**Required action:** Below are the records. Gather each line that holds "about".

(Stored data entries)
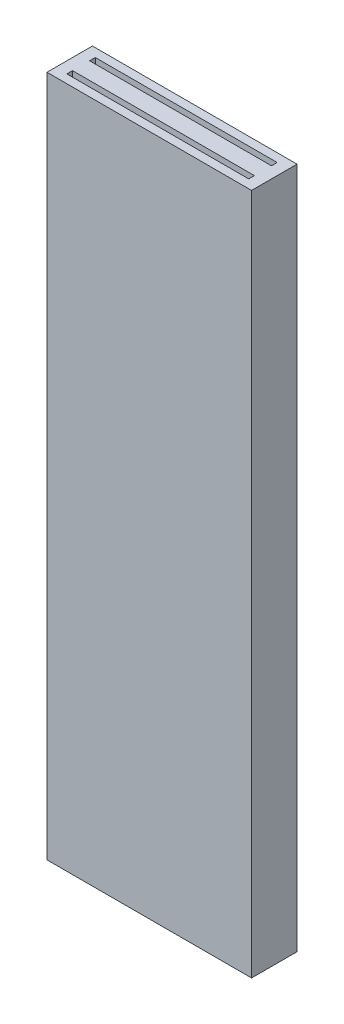
SolidWorks part; units mm, degrees
ref_plane "Front Plane" through (0, 0, 0) normal (0, 0, 1) x (1, 0, 0)
ref_plane "Top Plane" through (0, 0, 0) normal (0, 1, 0) x (1, 0, 0)
ref_plane "Right Plane" through (0, 0, 0) normal (1, 0, 0) x (0, 0, -1)
sketch "Sketch1" plane through (0, 0, 0) normal (0, 1, 0) x (1, 0, 0)
  line L1 (-4.5, -1) -> (4.5, -1)
  line L2 (-4.5, -1) -> (-4.5, 1)
  line L3 (-4.5, 1) -> (4.5, 1)
  line L4 (4.5, -1) -> (4.5, 1)
  line L5 (-4.5, -1) -> (4.5, 1) construction
  line L6 (-4.5, 1) -> (4.5, -1) construction
  point P0 (0, 0)
  dimension "D1" = 9
  dimension "D2" = 2
extrude "Boss-Extrude1" add sketch "Sketch1" along normal mid plane 30
sketch "Sketch2" plane through (0, 15, 0) normal (0, 1, 0) x (1, 0, 0)
  line L1 (-4, 0.375) -> (4, 0.375)
  line L2 (-4, 0.375) -> (-4, 0.625)
  line L3 (-4, 0.625) -> (4, 0.625)
  line L4 (4, 0.375) -> (4, 0.625)
  line L5 (-4, 0.375) -> (4, 0.625) construction
  line L6 (-4, 0.625) -> (4, 0.375) construction
  point P0 (0, 0.5)
  point P7 (0, 0)
  dimension "D1" = 0.25
  dimension "D2" = 8
  dimension "D3" = 0
  dimension "D4" = 0.5
extrude "Cut-Extrude1" cut sketch "Sketch2" against normal through all and the other way through all
mirror "Mirror1" about plane through (0, 0, 0) normal (0, 0, 1) of "Cut-Extrude1"
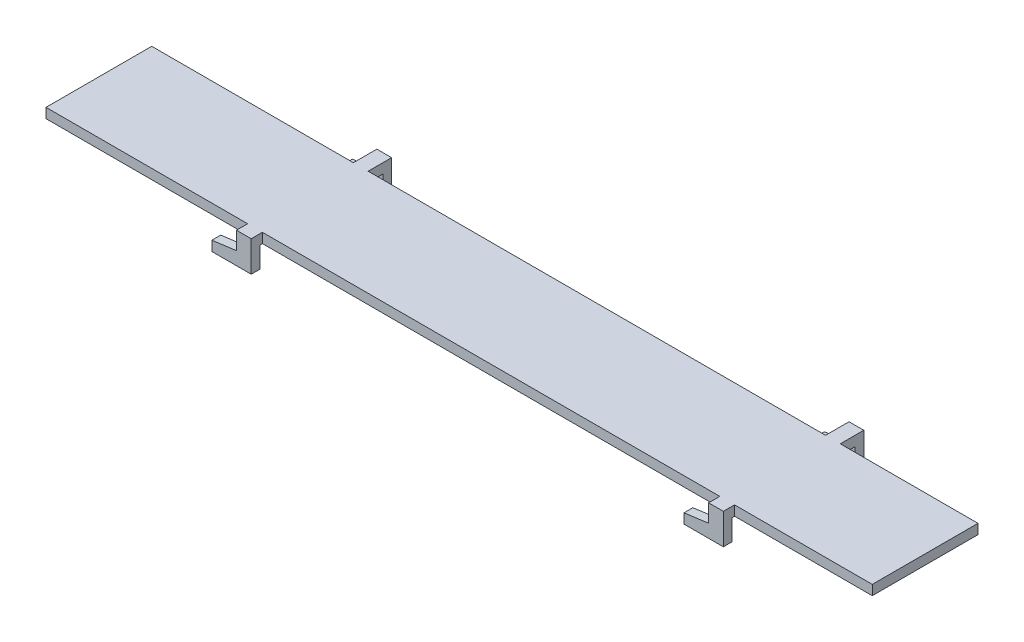
SolidWorks part; units mm, degrees
ref_plane "Top" through (0, 0, 0) normal (0, 0, 1) x (1, 0, 0)
ref_plane "Front" through (0, 0, 0) normal (0, 1, 0) x (1, 0, 0)
ref_plane "Right" through (0, 0, 0) normal (1, 0, 0) x (0, 0, -1)
sketch "Top Sketch" plane through (0, 0, 0) normal (0, 1, 0) x (1, 0, 0)
  line L0 (-28, -21.5) -> (-28, -22.875)
  line L1 (-168, 0) -> (-127, 0)
  line L2 (-168, 0) -> (-168, -21.5)
  line L3 (-168, -21.5) -> (-127, -21.5)
  line L4 (0, 0) -> (0, -21.5)
  line L5 (-28, -22.875) -> (-36, -22.875) construction
  line L6 (-36, -22.875) -> (-36, -21.5) construction
  line L7 (-124, -21.5) -> (-124, -22.875)
  line L8 (-124, -22.875) -> (-132, -22.875) construction
  line L9 (-132, -22.875) -> (-132, -21.5) construction
  line L10 (-28, 0) -> (-28, 3.875)
  line L11 (-28, 3.875) -> (-36, 3.875) construction
  line L12 (-36, 3.875) -> (-36, 0) construction
  line L13 (-124, 0) -> (-124, 3.875)
  line L14 (-124, 3.875) -> (-132, 3.875) construction
  line L15 (-132, 3.875) -> (-132, 0) construction
  line L16 (-28, 0) -> (0, 0)
  line L17 (-28, -21.5) -> (0, -21.5)
  line L18 (-124, 0) -> (-31, 0)
  line L19 (-124, -21.5) -> (-31, -21.5)
  line L20 (-31, 3.875) -> (-31, 0)
  line L21 (-31, 3.875) -> (-28, 3.875)
  line L22 (-31, -21.5) -> (-31, -22.875)
  line L23 (-31, -22.875) -> (-28, -22.875)
  line L24 (-127, 3.875) -> (-127, 0)
  line L25 (-127, 3.875) -> (-124, 3.875)
  line L26 (-127, -22.875) -> (-127, -21.5)
  line L27 (-127, -22.875) -> (-124, -22.875)
  line L28 (-168, -15.863) -> (0, -15.863) construction
  point P32 (-84, -15.863)
  dimension "D1" = 21.5
  dimension "Length" = 168
  dimension "D3" = 1.375
  dimension "D5" = 5
  dimension "D6" = 3.875
  dimension "D8" = 3
extrude "Thickness Extrude" add sketch "Top Sketch" along normal blind 2
sketch "Hook Sketch" plane through (0, 0, 22.875) normal (0, 0, 1) x (1, 0, 0)
  line L0 (-31, 2) -> (-28, 2)
  line L1 (-31, 0) -> (-28, 0) construction
  line L2 (-28, 2) -> (-28, -4.2583)
  line L3 (-28, -4.2583) -> (-36, -4.2583)
  line L4 (-36, -4.2583) -> (-36, -2.2583)
  line L5 (-36, -2.2583) -> (-31, -1.6)
  line L6 (-31, -1.6) -> (-31, 2)
  dimension "D1" = 7.5
  dimension "D2" = 5
  dimension "D3" = 1.6
  dimension "D4" = 2
extrude "Hook 1 Extrude" add sketch "Hook Sketch" against normal blind 0.9 and the other way blind 0.9 separate body
extrude "Hook 2 Extrude" add sketch "Hook Sketch<2>" along normal blind 0.9 and the other way blind 0.9 from surface separate body starting at face at (-29.5, 1, -3.875)
sketch "Hook Sketch<2>" plane through (0, 0, 22.875) normal (0, 0, 1) x (1, 0, 0) same geometry as "Hook Sketch"
pattern_linear "Hook Pattern" count 2 spacing 96 along (-1, 0, 0) of "Hook 1 Extrude", "Hook 2 Extrude"
combine bodies "Combine Bodies" operation type add bodies to combine 101 103 104 105 106
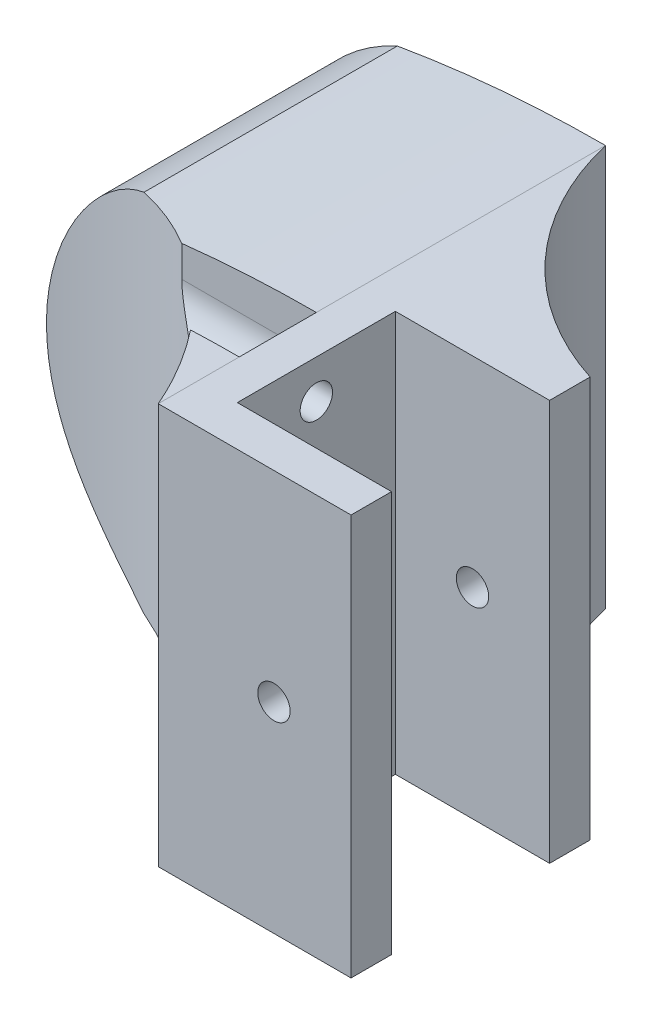
SolidWorks part; units mm, degrees
material "PBT Общее назначение"
ref_plane "Спереди" through (0, 0, 0) normal (0, 0, 1) x (1, 0, 0)
ref_plane "Сверху" through (0, 0, 0) normal (0, 1, 0) x (1, 0, 0)
ref_plane "Справа" through (0, 0, 0) normal (1, 0, 0) x (0, 0, -1)
sketch "Эскиз1" plane through (0, 0, 0) normal (0, 0, 1) x (1, 0, 0)
  line L0 (0, 0) -> (61.556, 0) construction
  line L1 (0, 26) -> (0, -26)
  line L2 (0, 26) -> (52, 26)
  line L3 (0, -26) -> (52, -26)
  line L4 (52, 26) -> (52, -26)
  line L5 (0, 0) -> (52, 0) construction
  dimension "D1" = 52
  dimension "D2" = 52
extrude "Бобышка-Вытянуть1" add sketch "Эскиз1" along normal blind 31
sketch "Эскиз2" plane through (0, 0, 0) normal (-1, 0, 0) x (0, 0, 1)
  line L0 (15.5, 26) -> (15.5, -26) construction
  line L1 (31, 26) -> (0, 26) construction
  line L2 (31, -26) -> (0, -26) construction
  line L3 (5.25, 26) -> (25.75, 26)
  line L4 (5.25, 26) -> (5.25, -26)
  line L5 (25.75, 26) -> (25.75, -26)
  line L6 (5.25, -26) -> (25.75, -26)
  line L7 (15.5, 26) -> (15.5, -26) construction
  dimension "D1" = 20.5
extrude "Вырез-Вытянуть1" cut sketch "Эскиз2" against normal blind 20
sketch "Эскиз3" plane through (52, 0, 0) normal (1, 0, 0) x (0, 0, -1)
  line L0 (-15.5, 26) -> (-15.5, -26) construction
  line L1 (-31, 26) -> (0, 26) construction
  line L2 (-31, -26) -> (0, -26) construction
  line L3 (-31, 0) -> (0, 0) construction
  line L4 (-31, -26) -> (-31, 26) construction
  line L5 (0, -26) -> (0, 26) construction
ref_plane "СимZ" through (0, 0, 15.5) normal (0, 0, 1) x (0, -1, 0)
ref_plane "СимY" through (0, 0, 0) normal (0, -1, 0) x (0, 0, -1)
sketch "Эскиз4" plane through (0, 26, 0) normal (0, 1, 0) x (1, 0, 0)
  line L0 (41.25, 0) -> (41.25, -31) construction
  line L1 (52, 0) -> (0, 0) construction
  line L2 (52, -31) -> (0, -31) construction
  line L3 (20, -25.75) -> (20, -5.25) construction
  line L4 (20, -25.75) -> (20, -5.25) construction
  dimension "D1" = 21.25
ref_plane "Симм Лента" through (41.25, 0, 0) normal (-1, 0, 0) x (0, 0, 1)
sketch "Эскиз5" plane through (0, 0, 31) normal (0, 0, 1) x (1, 0, 0)
  line L0 (41.25, 26) -> (41.25, -26) construction
  line L1 (0, -26) -> (52, -26) construction
  line L2 (52, 26) -> (0, 26) construction
  circle A0 centre (41.25, 0) radius 26
extrude "Бобышка-Вытянуть2" add sketch "Эскиз5" against normal up to surface (31 mm away) up to face at (26, 0, 0)
sketch "Эскиз6" plane through (0, 0, 31) normal (0, 0, 1) x (1, 0, 0)
  line L2 (52, 23.6736) -> (52, 26) construction
  line L3 (52, 26) -> (0, 26) construction
  line L4 (52, 23.6736) -> (52, 26)
  line L5 (52, 26) -> (25, 26)
  arc A0 (52, 23.6736) -> (25, 26) centre (25, -131.8405) ccw
  dimension "D1" = 25
extrude "Вырез-Вытянуть2" cut sketch "Эскиз6" against normal through all
mirror "Зеркальное отражение1" about plane through (0, 0, 0) normal (0, -1, 0) of "Вырез-Вытянуть2"
sketch "Эскиз7" plane through (0, 26, 0) normal (0, 1, 0) x (1, 0, 0)
  line L0 (20, -25.75) -> (20, -5.25) construction
  line L1 (20, -25.75) -> (0, -25.75) construction
  line L2 (20, -5.25) -> (0, -5.25) construction
  line L3 (20, -25.75) -> (20, -5.25)
  line L4 (20, -25.75) -> (0, -25.75)
  line L5 (20, -5.25) -> (0, -5.25)
  line L6 (0, -5.25) -> (0, -25.75)
extrude "Вырез-Вытянуть3" cut sketch "Эскиз7" against normal through all
sketch "Эскиз8" plane through (0, 26, 0) normal (0, 1, 0) x (1, 0, 0)
  line L0 (35.2, 15.75) -> (47.3, 15.75) construction
  line L1 (35.2, 15.75) -> (47.3, 15.75) construction
  line L2 (47.3, 8.35) -> (35.2, 8.35) construction
  line L3 (47.3, 8.35) -> (35.2, 8.35) construction
  line L4 (25, 0) -> (0, 0) construction
  dimension "D1" = 8.35
  dimension "D2" = 15.75
sketch "Эскиз9" plane through (0, 0, 0) normal (0, 0, -1) x (-1, 0, 0)
  line L0 (-25, 26) -> (-25, -26)
  arc A0 (-25, 26) -> (-52, 23.6736) centre (-25, -131.8405) ccw construction
  arc A1 (-52, 23.6736) -> (-52, -23.6736) centre (-41.25, 0) ccw construction
  arc A2 (-52, -23.6736) -> (-25, -26) centre (-25, 131.8405) ccw construction
  arc A3 (-25, 26) -> (-52, 23.6736) centre (-25, -131.8405) ccw
  arc A4 (-52, 23.6736) -> (-52, -23.6736) centre (-41.25, 0) ccw
  arc A5 (-52, -23.6736) -> (-25, -26) centre (-25, 131.8405) ccw
extrude "Бобышка-Вытянуть3" add sketch "Эскиз9" along normal blind 27
sketch "Эскиз10" plane through (41.25, 0, 0) normal (-1, 0, 0) x (0, 0, 1)
  line L0 (0, -26) -> (0, 26) construction
  line L1 (0, -26) -> (0, 26) construction
  line L2 (-6.75, 9) -> (-15.75, 9) construction
  line L3 (-6.75, 9) -> (-6.75, -9) construction
  line L4 (-15.75, 9) -> (-15.75, -9) construction
  line L5 (-6.75, -9) -> (-15.75, -9) construction
  line L6 (-15.75, 0) -> (-6.75, 0) construction
  line L7 (-27, -26) -> (-27, 26) construction
  line L8 (-27, -26) -> (-27, 26) construction
  line L9 (-27, 0) -> (0, 0) construction
  line L10 (-11.25, 9) -> (-11.25, -9) construction
  line L11 (-20.75, 14) -> (-1.75, 14)
  line L12 (-20.75, 14) -> (-20.75, 0)
  line L13 (-20.75, 0) -> (-1.75, 0)
  line L14 (-1.75, 0) -> (-1.75, 14)
  dimension "D1" = 15.75
  dimension "D2" = 9
  dimension "D3" = 18
  dimension "D4" = 5
  dimension "D5" = 5
  dimension "D6" = 5
revolve "Вырез-Повернуть2" cut sketch "Эскиз10" angle 360 about L13
sketch "Эскиз11" plane through (0, 0, 0) normal (0, -1, 0) x (0, 0, -1)
  line L0 (1.75, 27.25) -> (1.75, 55.25) construction
  line L1 (1.75, 27.25) -> (1.75, 55.25)
  line L2 (20.75, 55.25) -> (20.75, 27.25) construction
  line L3 (20.75, 55.25) -> (20.75, 27.25)
  line L4 (20.75, 55.25) -> (1.75, 55.25)
  line L5 (20.75, 27.25) -> (1.75, 27.25)
extrude "Вырез-Вытянуть4" cut sketch "Эскиз11" along normal through all
sketch "Эскиз12" plane through (0, -26, 0) normal (0, -1, 0) x (1, 0, 0)
  line L0 (0, 0) -> (25, 0) construction
  line L1 (25, -27) -> (25, 0) construction
  line L2 (0, 0) -> (25, 0)
  line L3 (25, -27) -> (25, 0)
  arc A0 (25, -27) -> (0, 0) centre (-11.4767, -35.7006) ccw
  dimension "D1" = 75
extrude "Бобышка-Вытянуть4" add sketch "Эскиз12" against normal up to surface (52 mm away) up to face at (11.25, 26, 15.5)
sketch "Эскиз13" plane through (0, 0, 31) normal (0, 0, 1) x (1, 0, 0)
  line L0 (10, -26) -> (10, 26) construction
  line L4 (20, 26) -> (0, 26)
  line L5 (20, -26) -> (20, 26)
  line L6 (0, -26) -> (20, -26)
  line L7 (0, 26) -> (0, -26)
  line L8 (20, 26) -> (0, 26) construction
  line L9 (20, -26) -> (20, 26) construction
  line L10 (0, -26) -> (20, -26) construction
  line L11 (0, 26) -> (0, -26) construction
  circle A0 centre (10, 0) radius 2.1
  dimension "D2" = 4.2
  dimension "D1" = 0
extrude "Вырез-Вытянуть5" cut sketch "Эскиз13" against normal through all
sketch "Эскиз14" plane through (20, 0, 0) normal (-1, 0, 0) x (0, 0, 1)
  line L0 (15.5, -26) -> (15.5, 26) construction
  line L4 (5.25, 26) -> (5.25, -26)
  line L5 (5.25, -26) -> (25.75, -26)
  line L6 (25.75, -26) -> (25.75, 26)
  line L7 (25.75, 26) -> (5.25, 26)
  line L8 (5.25, 26) -> (5.25, -26) construction
  line L9 (5.25, -26) -> (25.75, -26) construction
  line L10 (25.75, -26) -> (25.75, 26) construction
  line L11 (25.75, 26) -> (5.25, 26) construction
  circle A0 centre (15.5, -21) radius 2.1
  circle A1 centre (15.5, 21) radius 2.1
  dimension "D2" = 5
  dimension "D3" = 4.2
  dimension "D4" = 4.2
  dimension "D5" = 5
  dimension "D1" = 0
extrude "Вырез-Вытянуть6" cut sketch "Эскиз14" against normal through all
ref_plane "Плоскость1" through (25, 0, 0) normal (1, 0, 0) x (0, 0, -1)
sketch "Эскиз15" plane through (25, 0, 0) normal (1, 0, 0) x (0, 0, -1)
  circle A0 centre (-15.5, 21) radius 2.1 construction
  circle A1 centre (-15.5, 21) radius 2.1 construction
  circle A2 centre (-15.5, -21) radius 2.1 construction
  circle A3 centre (-15.5, -21) radius 2.1 construction
  circle A4 centre (-15.5, 21) radius 5
  circle A5 centre (-15.5, -21) radius 5
  dimension "D1" = 10
  dimension "D2" = 10
extrude "Вырез-Вытянуть7" cut sketch "Эскиз15" along normal through all
sketch "Эскиз16" plane through (20, 0, 0) normal (-1, 0, 0) x (0, 0, 1)
  line L0 (17.6, 21) -> (13.4, 21) construction
  circle A0 centre (15.5, 21) radius 2.1 construction
ref_plane "Плоскость2" through (0, 21, 0) normal (0, 1, 0) x (0, 0, -1)
sketch "Эскиз17" plane through (0, 21, 0) normal (0, 1, 0) x (0, 0, -1)
  line L0 (-20.5, -25) -> (-10.5, -25) construction
  line L1 (-20.5, -25) -> (-10.5, -25)
  line L2 (-10.5, -25) -> (-10.5, -67.25)
  line L3 (-20.5, -25) -> (-20.5, -67.25)
  line L5 (27, -67.25) -> (27, -52) construction
  line L6 (27, -67.25) -> (27, -52) construction
  line L7 (-10.5, -67.25) -> (-20.5, -67.25)
  line L8 (27, -67.25) -> (-10.5, -67.25) construction
extrude "Вырез-Вытянуть8" cut sketch "Эскиз17" along normal through all
mirror "Зеркальное отражение2" about plane through (0, 0, 0) normal (0, -1, 0) of "Вырез-Вытянуть8"
ref_plane "Плоскость3" through (0, 0, 0) normal (0, 0, -1) x (-1, 0, 0)
sketch "Эскиз18" plane through (0, 0, 0) normal (0, 0, -1) x (-1, 0, 0)
  circle A0 centre (-10, 0) radius 2.1 construction
  circle A1 centre (-10, 0) radius 2.1 construction
  circle A2 centre (-10, 0) radius 5
  dimension "D1" = 10
extrude "Вырез-Вытянуть9" cut sketch "Эскиз18" along normal through all
sketch "Эскиз19" plane through (0, 0, 31) normal (0, 0, 1) x (1, 0, 0)
  arc A0 (52, -23.6736) -> (52, 23.6736) centre (41.25, 0) ccw construction
  arc A1 (52, -23.6736) -> (52, 23.6736) centre (41.25, 0) ccw construction
  circle A2 centre (41.25, 0) radius 26 construction
  circle A3 centre (41.25, 0) radius 2.5
  dimension "D1" = 5
extrude "Вырез-Вытянуть10" cut sketch "Эскиз19" against normal through all
ref_plane "Зеркало" through (0, 0, 0) normal (-1, 0, 0) x (0, 0, 1)
mirror "Зеркальное отражение3" about plane through (0, 0, 0) normal (-1, 0, 0) of bodies 147
sketch "Sketch1" plane through (0, 26, 0) normal (0, 1, 0) x (1, 0, 0)
  line L0 (-27.25, 1.75) -> (-52, 1.75) construction
  line L1 (-27.25, 1.75) -> (-52, 1.75) construction
  line L2 (-52, 27) -> (-67.25, 27) construction
  line L3 (-67.25, -31) -> (-52, -31) construction
  line L4 (-52, 27) -> (-67.25, 27) construction
  line L5 (-67.25, -31) -> (-25, -31)
  line L6 (-27.25, -3.25) -> (-67.25, -3.25) construction
  line L7 (-67.25, -31) -> (-67.25, -3.25)
  line L8 (-67.25, -3.25) -> (-67.25, 27) construction
  arc A0 (-25, -31) -> (-67.25, -3.25) centre (-67.25, -49.2883) ccw
  point P11 (-67.25, -3.25)
  dimension "D1" = 5
extrude "Cut-Extrude1" cut sketch "Sketch1" against normal through all
sketch "Sketch2" plane through (0, 0, 0) normal (0, -1, 0) x (0, 0, -1)
  line L0 (27, -43.75) -> (27, -38.75) construction
  line L1 (27, -43.75) -> (27, -38.75) construction
  line L2 (27, -41.25) -> (-65.2716, -41.25) construction
  line L3 (-9.6995, -43.75) -> (-9.6995, 25.882) construction
  arc A0 (-9.6995, -43.75) -> (-13.132, -38.75) centre (-49.2883, -67.25) ccw construction
  arc A1 (-9.6995, -43.75) -> (-13.132, -38.75) centre (-49.2883, -67.25) ccw construction
ref_plane "Plane1" through (0, 0, 9.6995) normal (0, 0, 1) x (1, 0, 0)
sketch "Sketch3" plane through (0, 0, 9.6995) normal (0, 0, 1) x (1, 0, 0)
  circle A0 centre (-41.25, 0) radius 2.5 construction
  circle A1 centre (-41.25, 0) radius 2.5 construction
  circle A2 centre (-41.25, 0) radius 7.5
  dimension "D1" = 15
extrude "Cut-Extrude2" cut sketch "Sketch3" against normal blind 2 and the other way through all
delete or keep bodies "Body-Delete/Keep 1" bodies 147

**Your solution:**
mirror "Mirror1" about plane through (0, 0, 0) normal (0, 0, 1) of "Cut-Extrude1"
mirror "Зеркальное отражение1" about plane through (0, 0, 0) normal (0, -1, 0) of "Вырез-Вытянуть2"
revolve "Вырез-Повернуть2" cut sketch "Эскиз10" angle 360 about L13
mirror "Зеркальное отражение2" about plane through (0, 0, 0) normal (0, -1, 0) of "Вырез-Вытянуть8"
mirror "Зеркальное отражение3" about plane through (0, 0, 0) normal (-1, 0, 0) of bodies 147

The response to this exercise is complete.